Content starts

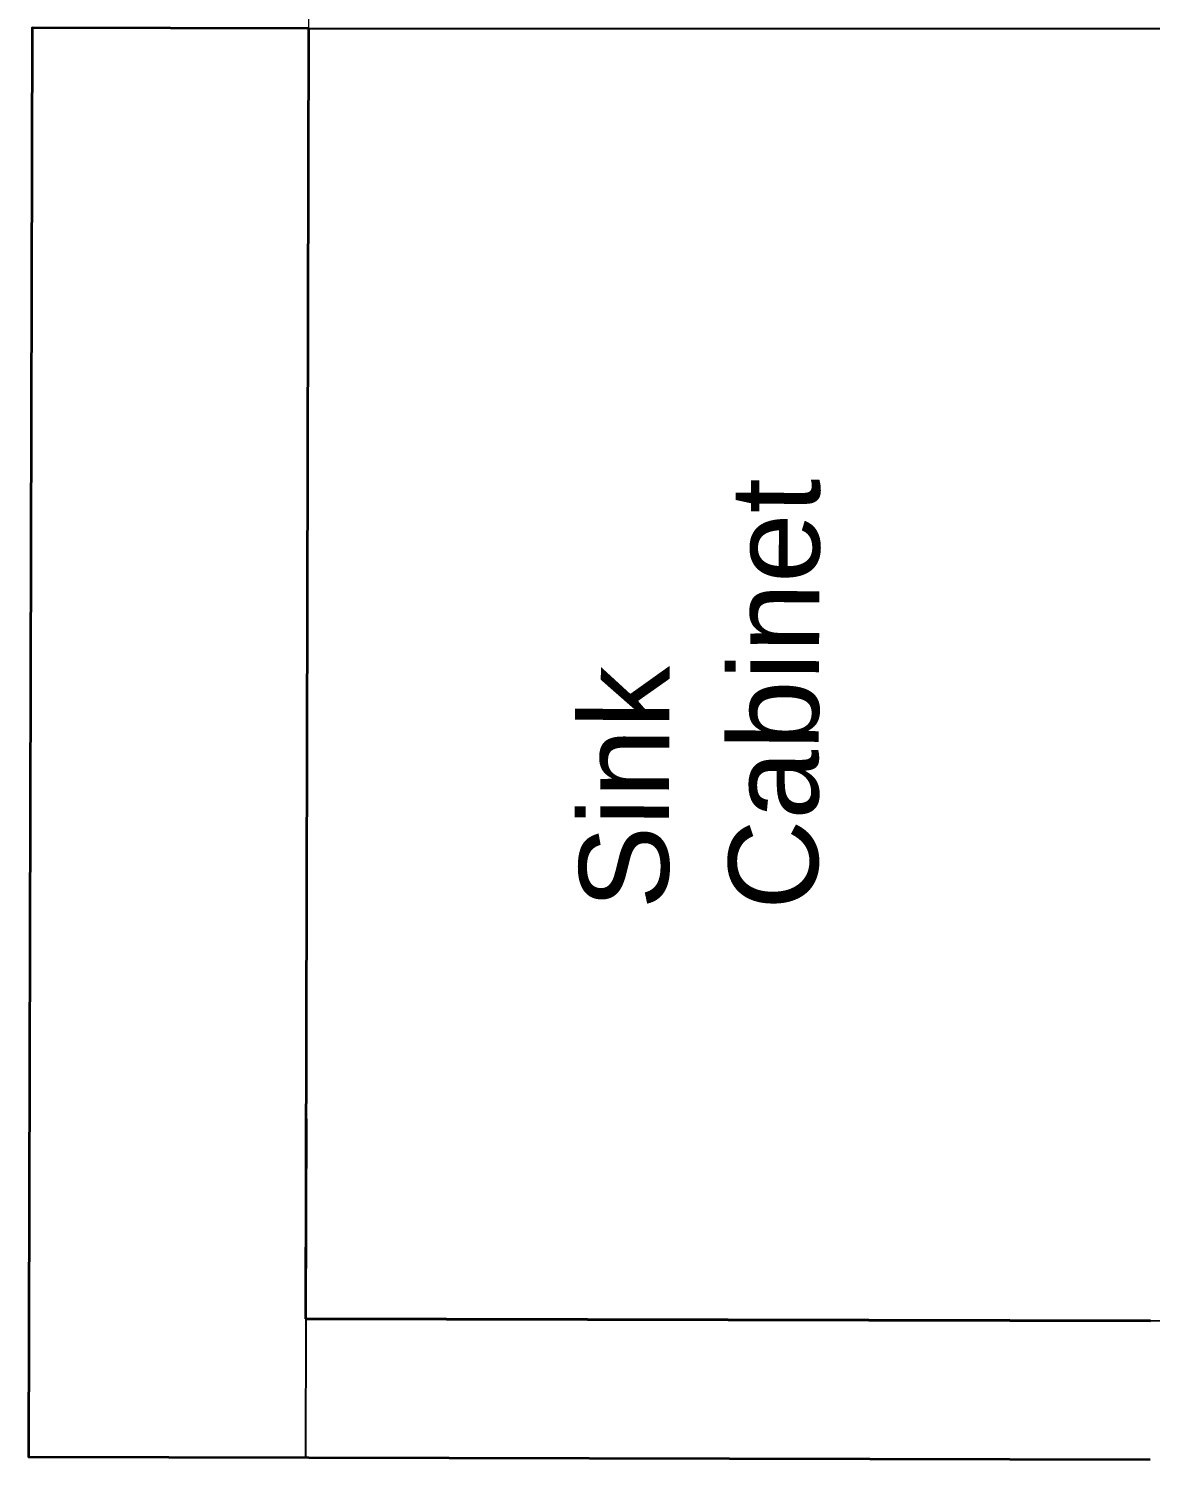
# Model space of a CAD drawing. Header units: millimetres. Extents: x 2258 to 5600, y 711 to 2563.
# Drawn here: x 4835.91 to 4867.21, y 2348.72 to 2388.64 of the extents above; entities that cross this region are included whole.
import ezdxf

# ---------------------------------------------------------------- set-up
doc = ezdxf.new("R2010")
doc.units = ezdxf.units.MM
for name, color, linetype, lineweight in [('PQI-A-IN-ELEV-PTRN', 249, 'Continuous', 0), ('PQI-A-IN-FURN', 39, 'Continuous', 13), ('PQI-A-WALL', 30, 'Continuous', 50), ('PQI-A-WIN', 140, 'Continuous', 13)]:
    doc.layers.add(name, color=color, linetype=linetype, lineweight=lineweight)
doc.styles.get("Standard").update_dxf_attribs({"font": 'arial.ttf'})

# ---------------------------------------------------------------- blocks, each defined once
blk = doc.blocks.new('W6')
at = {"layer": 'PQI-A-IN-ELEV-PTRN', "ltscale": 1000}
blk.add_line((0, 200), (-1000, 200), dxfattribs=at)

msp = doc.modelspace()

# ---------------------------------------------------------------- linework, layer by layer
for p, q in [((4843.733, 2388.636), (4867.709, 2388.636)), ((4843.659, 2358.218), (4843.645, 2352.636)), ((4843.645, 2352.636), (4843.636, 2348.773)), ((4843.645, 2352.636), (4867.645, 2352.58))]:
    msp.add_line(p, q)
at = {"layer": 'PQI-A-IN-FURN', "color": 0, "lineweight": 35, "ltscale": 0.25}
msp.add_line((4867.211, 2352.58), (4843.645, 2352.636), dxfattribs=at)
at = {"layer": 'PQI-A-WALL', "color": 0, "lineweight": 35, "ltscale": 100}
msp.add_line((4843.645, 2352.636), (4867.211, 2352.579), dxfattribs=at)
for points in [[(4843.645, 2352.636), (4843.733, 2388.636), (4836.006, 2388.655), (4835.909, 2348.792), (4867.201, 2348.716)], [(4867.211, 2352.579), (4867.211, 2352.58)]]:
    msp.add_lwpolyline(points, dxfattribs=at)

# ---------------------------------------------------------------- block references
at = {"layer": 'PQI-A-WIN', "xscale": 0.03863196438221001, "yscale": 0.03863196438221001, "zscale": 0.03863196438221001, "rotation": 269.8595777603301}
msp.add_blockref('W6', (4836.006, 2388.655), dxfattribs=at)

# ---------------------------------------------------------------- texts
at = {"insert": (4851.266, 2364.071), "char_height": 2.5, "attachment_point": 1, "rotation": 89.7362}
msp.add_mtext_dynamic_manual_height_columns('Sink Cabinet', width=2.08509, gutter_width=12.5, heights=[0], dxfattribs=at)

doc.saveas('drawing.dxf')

Content ends

● What the task requires
Copy out the data verbatim, with no pictures.

● Written response
# Model space of a CAD drawing. Header units: millimetres. Extents: x 2258 to 5600, y 711 to 2563.
# Drawn here: x 4835.91 to 4867.21, y 2348.72 to 2388.64 of the extents above; entities that cross this region are included whole.
import ezdxf

# ---------------------------------------------------------------- set-up
doc = ezdxf.new("R2010")
doc.units = ezdxf.units.MM
for name, color, linetype, lineweight in [('PQI-A-IN-ELEV-PTRN', 249, 'Continuous', 0), ('PQI-A-IN-FURN', 39, 'Continuous', 13), ('PQI-A-WALL', 30, 'Continuous', 50), ('PQI-A-WIN', 140, 'Continuous', 13)]:
    doc.layers.add(name, color=color, linetype=linetype, lineweight=lineweight)
doc.styles.get("Standard").update_dxf_attribs({"font": 'arial.ttf'})

# ---------------------------------------------------------------- blocks, each defined once
blk = doc.blocks.new('W6')
at = {"layer": 'PQI-A-IN-ELEV-PTRN', "ltscale": 1000}
blk.add_line((0, 200), (-1000, 200), dxfattribs=at)

msp = doc.modelspace()

# ---------------------------------------------------------------- linework, layer by layer
for p, q in [((4843.733, 2388.636), (4867.709, 2388.636)), ((4843.659, 2358.218), (4843.645, 2352.636)), ((4843.645, 2352.636), (4843.636, 2348.773)), ((4843.645, 2352.636), (4867.645, 2352.58))]:
    msp.add_line(p, q)
at = {"layer": 'PQI-A-IN-FURN', "color": 0, "lineweight": 35, "ltscale": 0.25}
msp.add_line((4867.211, 2352.58), (4843.645, 2352.636), dxfattribs=at)
at = {"layer": 'PQI-A-WALL', "color": 0, "lineweight": 35, "ltscale": 100}
msp.add_line((4843.645, 2352.636), (4867.211, 2352.579), dxfattribs=at)
for points in [[(4843.645, 2352.636), (4843.733, 2388.636), (4836.006, 2388.655), (4835.909, 2348.792), (4867.201, 2348.716)], [(4867.211, 2352.579), (4867.211, 2352.58)]]:
    msp.add_lwpolyline(points, dxfattribs=at)

# ---------------------------------------------------------------- block references
at = {"layer": 'PQI-A-WIN', "xscale": 0.03863196438221001, "yscale": 0.03863196438221001, "zscale": 0.03863196438221001, "rotation": 269.8595777603301}
msp.add_blockref('W6', (4836.006, 2388.655), dxfattribs=at)

# ---------------------------------------------------------------- texts
at = {"insert": (4851.266, 2364.071), "char_height": 2.5, "attachment_point": 1, "rotation": 89.7362}
msp.add_mtext_dynamic_manual_height_columns('Sink Cabinet', width=2.08509, gutter_width=12.5, heights=[0], dxfattribs=at)

doc.saveas('drawing.dxf')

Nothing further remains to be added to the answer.